Israel will slap the New York Times with a lawsuit over a recent “hideous and distorted” article that accused Israeli soldiers and their dogs of raping Palestinian prisoners, Prime Minister Benjamin Netanyahu said Thursday.
The Jewish state announced the legal action just days after the so-called Newspaper of Record published a column, penned by Nicholas Kristof, that detailed the alleged horrific widespread rape of Palestinians at the hands of Israeli prison guards and soldiers.

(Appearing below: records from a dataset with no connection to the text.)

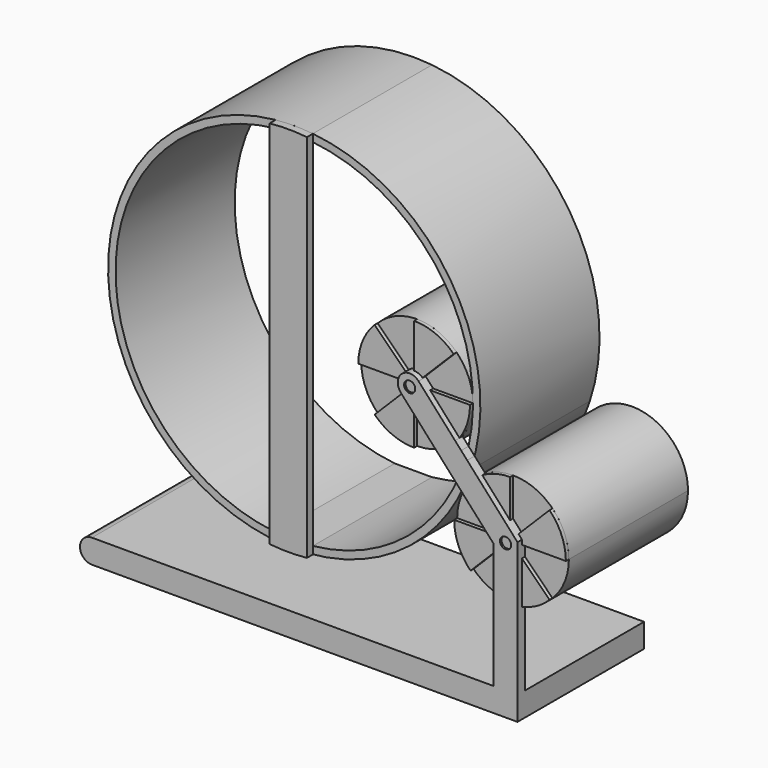
from build123d import *

# Parameters (mm, degrees)
F1_DEPTH  = 25
F2_DEPTH  = 400
F3_DEPTH  = 20
F4_DEPTH  = 500
F5_DEPTH  = 500
F6_DEPTH  = 400
F7_DEPTH  = 400
F8_DEPTH  = 20
F10_DEPTH = 10


with BuildPart() as f1:
    # F0 (on Front) → F1 (new body)
    with BuildSketch(Plane.XZ):
        with BuildLine():
            Line((619.5925408203, -698.0510845184), (619.5925408203, -634.0510845184))
            Line((619.5925408203, -634.0510845184), (587.5925408203, -634.0510845184))
            Line((587.5925408203, -634.0510845184), (555.5925408203, -634.0510845184))
            Line((555.5925408203, -634.0510845184), (-523.4671831131, -634.0510845184))
            ThreePointArc((-523.4671831131, -634.0510845184), (-555.4671831131, -666.0510845184), (-523.4671831131, -698.0510845184))
            Line((-523.4671831131, -698.0510845184), (619.5925408203, -698.0510845184))
        make_face()
        with BuildLine():
            Line((571.5025570686, -267.6097967695), (487.0976257639, -174.0804081495))
            ThreePointArc((487.0976257639, -174.0804081495), (475.7304372594, -185.5048345789), (465.6545376167, -198.0828606612))
            Line((465.6545376167, -198.0828606612), (555.5925408203, -297.7434648854))
            Line((555.5925408203, -297.7434648854), (555.5925408203, -431.9860827629))
            ThreePointArc((555.5925408203, -431.9860827629), (571.4996560892, -434.5733936367), (587.5925408203, -435.4391619491))
            Line((587.5925408203, -435.4391619491), (587.5925408203, -310.6819911327))
            Line((587.5925408203, -310.6819911327), (567.0049632483, -304.0182748497))
            Line((567.0049632483, -304.0182748497), (561.2087682826, -276.8993532197))
            Line((561.2087682826, -276.8993532197), (571.5025570686, -267.6097967695))
        make_face()
        with BuildLine():
            Line((619.5925408203, -273.1348590129), (513.1676059045, -155.2050302371))
            ThreePointArc((513.1676059045, -155.2050302371), (499.6248851086, -163.9414601248), (487.0976257639, -174.0804081495))
            Line((487.0976257639, -174.0804081495), (571.5025570686, -267.6097967695))
            Line((571.5025570686, -267.6097967695), (581.7963458546, -258.3202403192))
            Line((581.7963458546, -258.3202403192), (608.1801183922, -266.8600490486))
            Line((608.1801183922, -266.8600490486), (613.9763133579, -293.9789706786))
            Line((613.9763133579, -293.9789706786), (593.388735786, -312.5580835791))
            Line((593.388735786, -312.5580835791), (587.5925408203, -310.6819911327))
            Line((587.5925408203, -310.6819911327), (587.5925408203, -435.4391619491))
            ThreePointArc((587.5925408203, -435.4391619491), (603.6854255513, -434.5733936367), (619.5925408203, -431.9860827629))
            Line((619.5925408203, -431.9860827629), (619.5925408203, -273.1348590129))
        make_face()
        with BuildLine():
            Line((487.0976257639, -174.0804081495), (473.8942746161, -159.4497302791))
            ThreePointArc((473.8942746161, -159.4497302791), (467.8463381744, -176.4080606343), (461.1917687716, -193.1376514751))
            Line((461.1917687716, -193.1376514751), (465.6545376167, -198.0828606612))
            ThreePointArc((465.6545376167, -198.0828606612), (475.7304372594, -185.5048345789), (487.0976257639, -174.0804081495))
        make_face()
        with BuildLine():
            ThreePointArc((461.1917687716, -193.1376514751), (467.8463381744, -176.4080606343), (473.8942746161, -159.4497302791))
            Line((473.8942746161, -159.4497302791), (458.4208633436, -142.3035911399))
            ThreePointArc((458.4208633436, -142.3035911399), (452.692523658, -159.5916007319), (446.3124773798, -176.6498585765))
            Line((446.3124773798, -176.6498585765), (461.1917687716, -193.1376514751))
        make_face()
        with BuildLine():
            ThreePointArc((446.3124773798, -176.6498585765), (452.692523658, -159.5916007319), (458.4208633436, -142.3035911399))
            Line((458.4208633436, -142.3035911399), (430.4949150564, -111.3587537997))
            ThreePointArc((430.4949150564, -111.3587537997), (417.9676557116, -121.4977018244), (404.4249349157, -130.234131712))
            Line((404.4249349157, -130.234131712), (446.3124773798, -176.6498585765))
        make_face()
        with BuildLine():
            ThreePointArc((458.4208633436, -142.3035911399), (463.7127179959, -123.9778817726), (468.272302341, -105.4563931693))
            Line((468.272302341, -105.4563931693), (451.9380032036, -87.356301288))
            ThreePointArc((451.9380032036, -87.356301288), (441.8621035608, -99.9343273703), (430.4949150564, -111.3587537997))
            Line((430.4949150564, -111.3587537997), (458.4208633436, -142.3035911399))
        make_face()
        with BuildLine():
            ThreePointArc((430.4949150564, -111.3587537997), (441.8621035608, -99.9343273703), (451.9380032036, -87.356301288))
            Line((451.9380032036, -87.356301288), (353.7565341439, 21.438915212))
            ThreePointArc((353.7565341439, 21.438915212), (308.561084788, 23.7565341439), (306.2434658561, -21.438915212))
            Line((306.2434658561, -21.438915212), (404.4249349157, -130.234131712))
            ThreePointArc((404.4249349157, -130.234131712), (417.9676557116, -121.4977018244), (430.4949150564, -111.3587537997))
        make_face()
        Polygon((350.264825672, -16.1542842363), (346.0662299812, -17.8030435466), (326.1423923074, -25.6269959534), (305.8775666354, -9.4727117171), (309.735174328, 16.1542842363), (333.8576076926, 25.6269959534), (354.1224333646, 9.4727117171), align=None, mode=Mode.SUBTRACT)
        with BuildLine():
            ThreePointArc((473.8942746161, -159.4497302791), (479.5440529439, -141.553881212), (484.5182852707, -123.4586215636))
            Line((484.5182852707, -123.4586215636), (468.272302341, -105.4563931693))
            ThreePointArc((468.272302341, -105.4563931693), (463.7127179959, -123.9778817726), (458.4208633436, -142.3035911399))
            Line((458.4208633436, -142.3035911399), (473.8942746161, -159.4497302791))
        make_face()
        with BuildLine():
            Line((513.1676059045, -155.2050302371), (484.5182852707, -123.4586215636))
            ThreePointArc((484.5182852707, -123.4586215636), (479.5440529439, -141.553881212), (473.8942746161, -159.4497302791))
            Line((473.8942746161, -159.4497302791), (487.0976257639, -174.0804081495))
            ThreePointArc((487.0976257639, -174.0804081495), (499.6248851086, -163.9414601248), (513.1676059045, -155.2050302371))
        make_face()
        with BuildLine():
            Line((577.5430493146, -274.3032865692), (571.5025570686, -267.6097967695))
            Line((571.5025570686, -267.6097967695), (561.2087682826, -276.8993532197))
            Line((561.2087682826, -276.8993532197), (567.0049632483, -304.0182748497))
            Line((567.0049632483, -304.0182748497), (587.5925408203, -310.6819911327))
            Line((587.5925408203, -310.6819911327), (587.5925408203, -300.4391619491))
            ThreePointArc((587.5925408203, -300.4391619491), (573.5918599315, -290.822556292), (577.5430493146, -274.3032865692))
        make_face()
        with BuildLine():
            Line((581.7963458546, -258.3202403192), (571.5025570686, -267.6097967695))
            Line((571.5025570686, -267.6097967695), (577.5430493146, -274.3032865692))
            ThreePointArc((577.5430493146, -274.3032865692), (593.6858825724, -271.7325509058), (602.5925408203, -285.4391619491))
            ThreePointArc((602.5925408203, -285.4391619491), (598.1991425381, -296.0457636669), (587.5925408203, -300.4391619491))
            Line((587.5925408203, -300.4391619491), (587.5925408203, -310.6819911327))
            Line((587.5925408203, -310.6819911327), (593.388735786, -312.5580835791))
            Line((593.388735786, -312.5580835791), (613.9763133579, -293.9789706786))
            Line((613.9763133579, -293.9789706786), (608.1801183922, -266.8600490486))
            Line((608.1801183922, -266.8600490486), (581.7963458546, -258.3202403192))
        make_face()
        Polygon((326.1423923074, -25.6269959534), (346.0662299812, -17.8030435466), (350.264825672, -16.1542842363), (354.1224333646, 9.4727117171), (333.8576076926, 25.6269959534), (309.735174328, 16.1542842363), (305.8775666354, -9.4727117171), align=None)
        with BuildLine():
            ThreePointArc((345, 0), (343.7066110433, -6.0933417521), (340.0494915056, -11.13587538))
            ThreePointArc((340.0494915056, -11.13587538), (316.2933889567, 6.0933417521), (345, 0))
        make_face(mode=Mode.SUBTRACT)
        with BuildLine():
            ThreePointArc((587.5925408203, -435.4391619491), (571.4996560892, -434.5733936367), (555.5925408203, -431.9860827629))
            Line((555.5925408203, -431.9860827629), (555.5925408203, -634.0510845184))
            Line((555.5925408203, -634.0510845184), (587.5925408203, -634.0510845184))
            Line((587.5925408203, -634.0510845184), (587.5925408203, -435.4391619491))
        make_face()
        with BuildLine():
            Line((619.5925408203, -634.0510845184), (619.5925408203, -431.9860827629))
            ThreePointArc((619.5925408203, -431.9860827629), (603.6854255513, -434.5733936367), (587.5925408203, -435.4391619491))
            Line((587.5925408203, -435.4391619491), (587.5925408203, -634.0510845184))
            Line((587.5925408203, -634.0510845184), (619.5925408203, -634.0510845184))
        make_face()
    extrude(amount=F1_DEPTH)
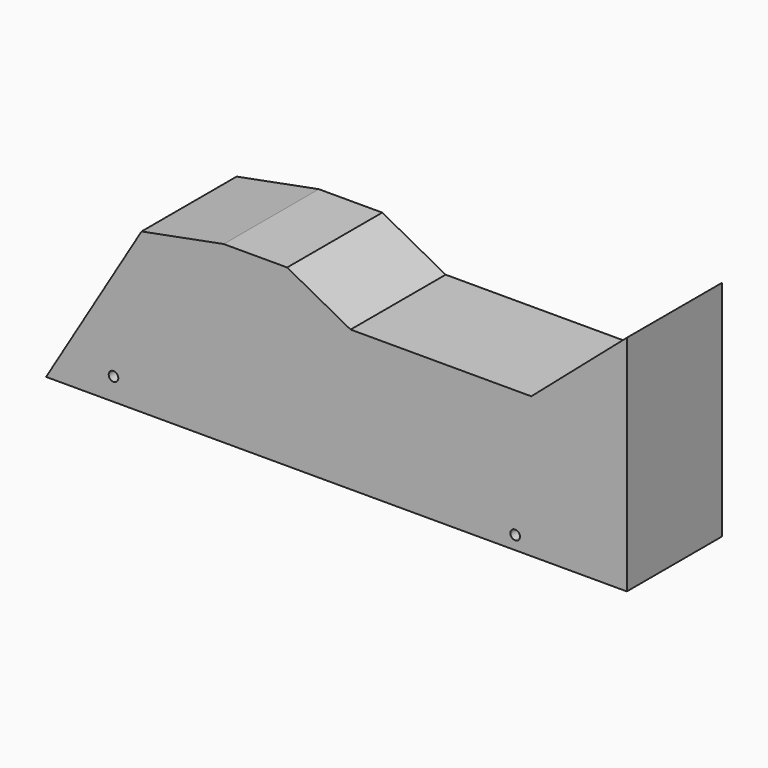
from build123d import *

# Parameters (mm, degrees)
F0_R     = 1.075
F1_DEPTH = 26.6
F2_DEPTH = 158
F4_DEPTH = 26.601


# Not quite as in the source:
# - an extrude ends at something that could not be found from the text; its depth is read off the source's solid


with BuildPart() as f1:
    # F0 (on Front) → F1 (new body)
    with BuildSketch(Plane.XZ):
        Polygon((50, 25), (-50, 25), (-80, -25), (-50, -25), (25, -25), (50, -25), align=None)
        with Locations((-64.9039745331, -20)):
            Circle(F0_R, mode=Mode.SUBTRACT)
        with Locations((25, -22)):
            Circle(F0_R, mode=Mode.SUBTRACT)
    extrude(amount=F1_DEPTH)

    # F0 (on Front) → F2 (cut, through all)
    with BuildSketch(Plane.XZ):
        with Locations((-64.9039745331, -20)):
            Circle(F0_R)
    extrude(amount=-F2_DEPTH, mode=Mode.SUBTRACT)

    # F3 (on face) → F4 (cut, through all)
    with BuildSketch(Plane(origin=(0, 0, 0), x_dir=(-1, 0, 0), z_dir=(0, 1, 0))):
        Polygon((50, 25), (-50, 25), (-28.6072827876, 6.4954175614), (11.8362475187, 6.4954175614), (26.036022231, 14.1141144559), (40.2304567397, 14.1141144559), (58.63198501, 10.6133583166), align=None)
    extrude(amount=-F4_DEPTH, mode=Mode.SUBTRACT)


solid = f1.part

“They defamed the soldiers of Israel and perpetuated a blood libel about rape, trying to create a false symmetry between the genocidal terrorists of Hamas and Israel’s valiant soldiers,” Netanyahu said as he vowed harsh legal action against the paper.
“Under my leadership, Israel will not be silent. We will fight these lies in the court of public opinion and in the court of law. Truth will prevail.”
Israel’s Foreign Ministry said it was initiating the defamation lawsuit, describing the NYT report as “one of the most hideous and distorted lies ever published against the State of Israel in the modern press.”
The incendiary article, which cited accounts from 14 former Palestinian prisoners, claimed that sexual torture was baked into Israel’s forces.
It alleged, too, that Israeli troops even train their dogs to rape Palestinian prisoners.
The column, which quickly went viral, sparked widespread outrage — with some experts and Jewish groups ripping the piece as Jew-hating propaganda and “blood libel.”
The article was published by the outlet just one day before the release of a two-year probe detailing evidence of widespread sexual abuse against Israeli civilians during Hamas’s October 7, 2023, attack.
The Times, for its part, defended Kristof amid the raging backlash.
“Nicholas Kristof is a two-time Pulitzer Prize-winning journalist who has reported on sexual violence for decades and is widely regarded as one of the world’s best on-the-ground reporters documenting and bearing witness to sexual abuse experienced by women and men in war and conflict zones,” a Times spokesperson said.
“He traveled to the region to report firsthand on the stories of the Palestinians who suffered abuse, and his article collects accounts in the victims’ own words, backed by independent studies.”